(SUPPLIED RECORDS Opens)
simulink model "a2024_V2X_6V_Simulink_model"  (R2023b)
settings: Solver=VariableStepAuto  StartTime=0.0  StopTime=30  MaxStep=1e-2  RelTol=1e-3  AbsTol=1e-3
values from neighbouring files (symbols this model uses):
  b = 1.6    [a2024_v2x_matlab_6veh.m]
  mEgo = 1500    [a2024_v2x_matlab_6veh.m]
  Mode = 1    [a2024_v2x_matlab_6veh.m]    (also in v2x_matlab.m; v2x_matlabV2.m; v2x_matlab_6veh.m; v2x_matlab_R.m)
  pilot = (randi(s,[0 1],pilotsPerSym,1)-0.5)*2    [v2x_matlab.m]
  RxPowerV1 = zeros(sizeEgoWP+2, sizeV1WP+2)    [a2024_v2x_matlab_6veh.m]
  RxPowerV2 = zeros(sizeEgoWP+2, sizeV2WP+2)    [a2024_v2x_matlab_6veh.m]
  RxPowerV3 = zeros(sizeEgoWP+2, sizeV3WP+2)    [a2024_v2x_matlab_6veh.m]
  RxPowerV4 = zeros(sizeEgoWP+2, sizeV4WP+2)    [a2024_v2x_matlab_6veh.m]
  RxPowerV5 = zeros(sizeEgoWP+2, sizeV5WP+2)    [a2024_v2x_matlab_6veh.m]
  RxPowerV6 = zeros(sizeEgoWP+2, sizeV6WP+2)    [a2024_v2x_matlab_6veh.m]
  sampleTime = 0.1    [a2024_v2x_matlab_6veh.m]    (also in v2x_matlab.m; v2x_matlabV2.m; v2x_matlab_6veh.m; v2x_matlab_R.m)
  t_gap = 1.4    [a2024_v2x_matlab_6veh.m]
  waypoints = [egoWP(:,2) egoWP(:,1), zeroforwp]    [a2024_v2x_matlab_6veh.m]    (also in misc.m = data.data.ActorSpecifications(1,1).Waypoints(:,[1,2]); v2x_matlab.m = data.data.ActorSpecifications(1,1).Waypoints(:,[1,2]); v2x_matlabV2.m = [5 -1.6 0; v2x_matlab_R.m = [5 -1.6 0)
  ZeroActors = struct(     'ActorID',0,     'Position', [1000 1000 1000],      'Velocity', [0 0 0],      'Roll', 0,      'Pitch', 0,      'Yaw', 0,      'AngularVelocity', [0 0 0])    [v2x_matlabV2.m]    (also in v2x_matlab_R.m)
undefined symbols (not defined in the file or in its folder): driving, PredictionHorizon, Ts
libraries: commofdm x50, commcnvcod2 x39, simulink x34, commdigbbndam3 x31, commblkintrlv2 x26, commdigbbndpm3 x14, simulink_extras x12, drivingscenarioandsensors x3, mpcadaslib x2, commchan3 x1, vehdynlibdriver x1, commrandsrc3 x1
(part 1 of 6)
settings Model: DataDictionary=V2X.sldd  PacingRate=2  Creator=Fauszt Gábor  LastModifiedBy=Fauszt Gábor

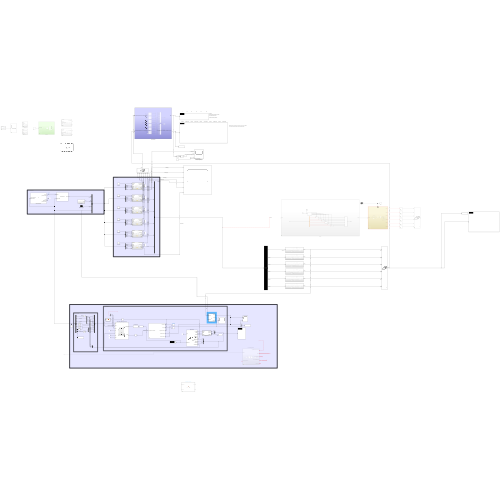
[thumbnail: Simulink's stored preview of the top-level diagram]
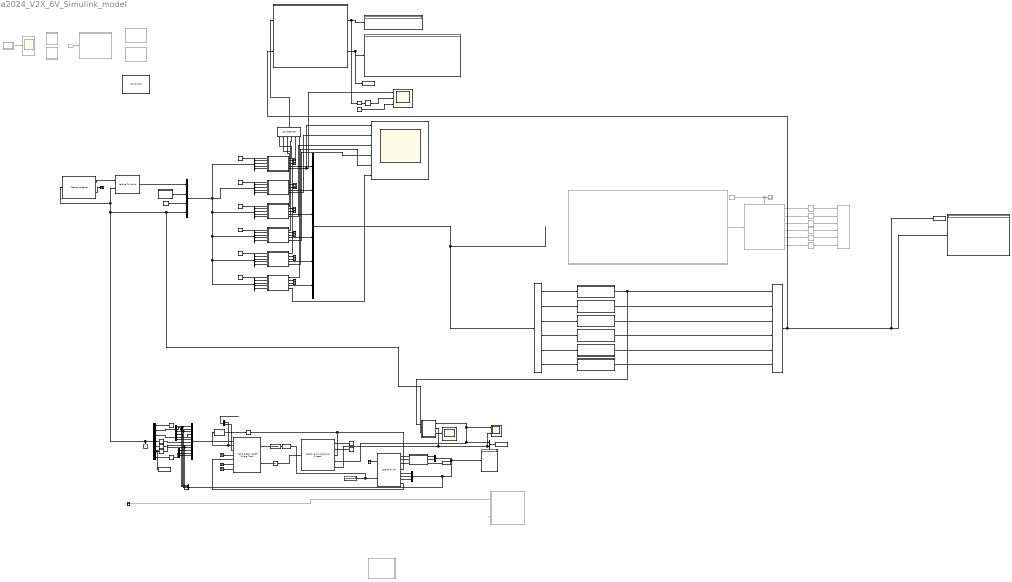
== system a2024_V2X_6V_Simulink_model ==
  note: ACC
  note: Display block can show only the first 10 columns of a matrix
      | thus, the columns of the 6th vehicle cannot be seen.
  note: V1 Received
  note: V1 Sent
  note: All packets sent' counter
  note: Received correct packets' counter
  note: PDR [%]
  note: V2
  note: V1
  note: Subsystem3
  note: Scenario Reader
  note: V3
  note: V4
  note: V5
  note: V6
  note: V2 Received
  note: V2 Sent
  note: V3 Received
  note: V3 Sent
  note: V4 Received
  note: V4 Sent
  note: V5 Received
  note: V5 Sent
  note: PDR of the last 20 packets
  note: Pack Ego Actor
  note: Ego Dynamics
  1/2 QPSK SNR és PDR a campus forgatókönyvre : Scope  NumInputPorts=3
  Adaptive Cruise Control System1 : mpcadaslib/Adaptive Cruise Control System  EgoModel=tf(1,[0.5,1,0])  InitialEgoVelocity=12  DefaultSpacing=0  MaxVelocity=20  MinAcceleration=-2  amin_ext=off  MaxAcceleration=4  amax_ext=off  Ts=0.01  PredictionHorizon=3  ControllerBehavior=0.950  suboptimal=off  maxiter=10  datatypeopt=double  optmode=off  trackmode=off
      settings: LibrarySourceBlock=mpclib/Automated Driving/Adaptive Cruise Control System
  Bus Creator : BusCreator  Inputs=6
  Bus Creator1 : BusCreator  Inputs=4
  Bus Creator2 : BusCreator  Inputs=4
  Bus Creator3 : BusCreator  Inputs=7  OutDataTypeStr=Bus: Actors
      settings: InheritFromInputs=off
  Bus Selector{,1..5} (6 alike) : BusSelector  OutputSignals=Trigger,Actors,Ego,Pilot
  Bus Selector6 : BusSelector  OutputSignals=Actor 1,Actor 2,Actor 3,Actor 4,Actor 5,Actor 6
  Bus Selector7 : BusSelector  OutputSignals=InertFrm.Cg.Disp.X,InertFrm.Cg.Disp.Y,InertFrm.Cg.Disp.Z,InertFrm.Cg.Vel.Xdot,InertFrm.Cg.Vel.Ydot,InertFrm.Cg.Vel.Zdot,InertFrm.Cg.Ang.phi,InertFrm.Cg.Ang.theta,InertFrm.Cg.Ang.psi,BdyFrm.Cg.AngVel.p,BdyFrm.Cg.AngVel.q,BdyFrm.Cg.AngVel.r
  Bus Selector8 : BusSelector  OutputSignals=X,Y,psi
  Bus Selector9 : BusSelector  OutputSignals=X,Y
  Calculate PDR : Subsystem
  Channel : Subsystem  Commented=on
  Clock : simulink_extras/Flip Flops/Clock  Commented=on  period=sampleTime/(6*6)
  Combo Box : ComboBox  LabelPosition=Hide
      settings: Values={{'64 QAM', '1/2 QPSK'}, [0 1]}
  Constant : Constant  Value=waypoints
  Constant1 : Constant  Value=13
  Constant2 : Constant  SampleTime=-1
  Constant3 : Constant  Value=12  VectorParams1D=off  SampleTime=sampleTime
  Constant4 : Constant  Value=t_gap  VectorParams1D=off  SampleTime=sampleTime
  Data Type Conversion : DataTypeConversion  SaturateOnIntegerOverflow=off  RndMeth=Floor
  Display{,1..4} (5 alike) : Display
  Ego trajectory : MATLAB Function  TreatAsAtomicUnit=on
  From1 : From  Commented=on
  Goto : Goto
  Integrator : Integrator
  Lane Keeping Assist : Subsystem  Commented=on
  Lateral Driver : vehdynlibdriver/Lateral Driver  extSteerOvr=off  extSteerHld=off  extSteerZero=off  steerOut=off  cntrlTypeLat=Stanley  coordMode=SAE J670 (Z-down)  angUnits=rad  tau=0.1  L=3  vecPose=off  dynamMode=on  PositionGainF=2.5  PositionGainR=2.5  YawRateGain=.2  DelayGain=.2  a=a  b=b  m=mEgo  Cy_f=Cy_f  Cy_r=70933  I=4013  Ksteer=18  theta=45*pi/180  aMode=2
  Low pass filter : TransferFcn  Denominator=[0.001 1]
  MATLAB Function : MATLAB Function  TreatAsAtomicUnit=on
  MATLAB Function1 : MATLAB Function  TreatAsAtomicUnit=on
  MATLAB Function2 : MATLAB Function  Commented=on  TreatAsAtomicUnit=on
  MATLAB Function3 : MATLAB Function  Commented=on  TreatAsAtomicUnit=on
  Matrix Concatenate : Concatenate  NumInputs=6  Mode=Multidimensional array  ConcatenateDimension=2
  Matrix Concatenate1 : Concatenate  Commented=on  NumInputs=6  Mode=Multidimensional array  ConcatenateDimension=2
  Matrix Concatenate2 : Concatenate  NumInputs=6  Mode=Multidimensional array  ConcatenateDimension=2
  Memory : Memory  InitialCondition=12
  MsgSendTrigger : simulink_extras/Flip Flops/Clock  period=0.1
  Mux : Mux  Inputs=3
  Mux1 : Mux  Inputs=3
  Mux2 : Mux  Inputs=3
  Pilot Port : Subsystem
  Queue : Subsystem  Commented=on
  Radians to Degrees{,1..3} (4 alike) : simulink_extras/Transformations/Radians to Degrees
  Rate Transition{1..6} (6 alike) : RateTransition  Commented=on  OutPortSampleTime=sampleTime/10
  Reshape : Reshape  OutputDimensionality=Customize  OutputDimensions=[24,1]
  Scenario Reader1 : drivingscenarioandsensors/Scenario Reader  ScenarioSource=From file  ScenarioFileName=C:\Users\Fauszt Gábor\Desktop\matlab\Fauszt_Gabor_matlab_v2x\v2.mat  ScenarioVariableName=scenario  OutputCoordinateSystem=Vehicle coordinates  EgoVehicleSource=Input port  EgoVehicleActorID=1  OrientVehiclesOnRoad=off  OutputEgoVehiclePose=on  OutputEgoVehicleState=off  SampleTime=sampleTime  LaneBoundaryOutput=All lane boundaries  LaneBoundaryDistance=0:0.5:9.5  LaneBoundaryLocation=Center of lane markings  BusNameSource=Auto  BusName=ActorsAll  BusNumActorsSource=Scenario  BusNumActors=100  BusName2Source=Auto  BusName2=BusLaneBoundaries  BusNumLaneBoundariesSource=Scenario  BusNumLaneBoundaries=10  BusName3Source=Auto  BusName3=BusEgoActor  BusName4Source=Auto  BusName4=BusEgoState  ShowCoordinateLabels=on  SimulateUsing=Interpreted execution
  Scope : Scope  NumInputPorts=6
  Scope1 : Scope
  Scope2 : Scope  NumInputPorts=2
  Scope3 : Scope  Commented=on
  Scope4 : Scope  Commented=on
  Selector : Selector  InputPortWidth=24  IndexOptions=Index vector (dialog)  Indices=4  OutputSizes=1
  Subsystem : Subsystem
  Subsystem1 : Subsystem  Commented=on
  Subsystem10 : Subsystem
  Subsystem11 : Subsystem
  Subsystem12 : Subsystem
  Subsystem13 : Subsystem
  Subsystem14 : Subsystem
  Subsystem2 : Subsystem  Commented=on
  Subsystem3 : Subsystem  Commented=on
  Subsystem4 : Subsystem
  Subsystem5 : Subsystem
  Subsystem6 : Subsystem
  Subsystem7 : Subsystem
  Subsystem8 : Subsystem
  Subsystem9 : Subsystem
  Terminator{,1..4,6..13,20..24} (18 alike) : Terminator
  To Workspace : ToWorkspace  VariableName=V6  SampleTime=-1
  To Workspace1 : ToWorkspace  VariableName=Compare_packets  SampleTime=-1
  To Workspace2 : ToWorkspace  VariableName=yaw  SampleTime=-1
  To Workspace3 : ToWorkspace  VariableName=RelVelPos  SampleTime=-1
  Vector Concatenate : Concatenate
  Vector Concatenate2 : Concatenate
  Vehicle 2 : Subsystem  Commented=on
  Vehicle 3 : Subsystem  Commented=on
  Vehicle Body 3DOF Single Track1 : autolibshared/Vehicle Body 3DOF Single Track  trackMode=Single (bicycle)  inputMode=External longitudinal velocity  frontSteerMode=on  rearSteerMode=off  windMode=off  muMode=off  extFMode=off  extMMode=off  htchFMode=off  htchMMode=off  extXo=off  extpsio=off  extxdoto=off  extro=off  extYo=off  extTamb=off  extydoto=off  aMode=2  NF=nrWheelsFr  NR=nrWheelsRe  m=mEgo  a=a  b=b  h=h  dh=1  hh=0.2  X_o=waypoints(1,1)  xdot_o=0  CalphaMode=off  sigmaMode=on  d=0  hl=0  w=[1.4,1.4]  Cy_f=Cy_f  Cy_r=Cy_r  sigma_f=sigma_f  sigma_r=sigma_r  alpha_f_brk=[-.1 .1]  Cy_f_data=[-9e3 9e3]  alpha_r_brk=[-.1 .1]  Cy_r_data=[-9e3 9e3]  Y_o=waypoints(1,2)  ydot_o=0  Izz=Izz  psi_o=3  r_o=0  Af=2  Cd=.3  Cl=.1  Cpm=.1  beta_w=[0 0.01:0.01:0.3]  Cs=[0 0.01:0.01:0.3]  Cym=[0 1e-6:0.01:0.3]  Pabs=101325  Tair=273  g=9.81  mu=1  xdot_tol=.01  Fznom=5000  Fxtire_sat=7e4  Fytire_sat=7e4  longOff=0  latOff=0  vertOff=0  wrapAng=off
  Vehicle To World : drivingscenarioandsensors/Vehicle To World  BusNameSource=Auto  BusName=ActorsaAll  SimulateUsing=Interpreted execution
  VehicleID : Constant
  VehicleID1 : Constant  Value=2
  VehicleID2 : Constant  Value=3
  VehicleID3 : Constant  Value=4
  VehicleID4 : Constant  Value=5
  VehicleID5 : Constant  Value=6
  wires:
  From1/1 -> Channel/1(EgoData)
  Scenario Reader1/2 -> Terminator/1
  VehicleID1/1 -> Subsystem4/1(VehicleID)
  VehicleID/1 -> Subsystem/1(VehicleID)
  VehicleID2/1 -> Subsystem5/1(VehicleID)
  Subsystem5/1(Sent packets) -> Matrix Concatenate/3
  MATLAB Function3/1(Dist) -> Scope4/1
  Subsystem3/3(Actor3) -> Rate Transition3/1
  Subsystem3/1(Actor1) -> Rate Transition1/1
  Subsystem3/4(Actor4) -> Rate Transition4/1
  VehicleID3/1 -> Subsystem6/1(VehicleID)
  VehicleID4/1 -> Subsystem7/1(VehicleID)
  Subsystem6/1(Sent packets) -> Matrix Concatenate/4
  Subsystem7/1(Sent packets) -> Matrix Concatenate/5
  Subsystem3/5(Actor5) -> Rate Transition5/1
(SUPPLIED RECORDS Closes)
# TASK INSTRUCTIONS:
Go to the line with "note: Display block" in the entries above and repeat every line from there through the line with "note: Ego Dynamics", exactly and with no other text.

# RESPONSE AREA:
  note: Display block can show only the first 10 columns of a matrix
      | thus, the columns of the 6th vehicle cannot be seen.
  note: V1 Received
  note: V1 Sent
  note: All packets sent' counter
  note: Received correct packets' counter
  note: PDR [%]
  note: V2
  note: V1
  note: Subsystem3
  note: Scenario Reader
  note: V3
  note: V4
  note: V5
  note: V6
  note: V2 Received
  note: V2 Sent
  note: V3 Received
  note: V3 Sent
  note: V4 Received
  note: V4 Sent
  note: V5 Received
  note: V5 Sent
  note: PDR of the last 20 packets
  note: Pack Ego Actor
  note: Ego Dynamics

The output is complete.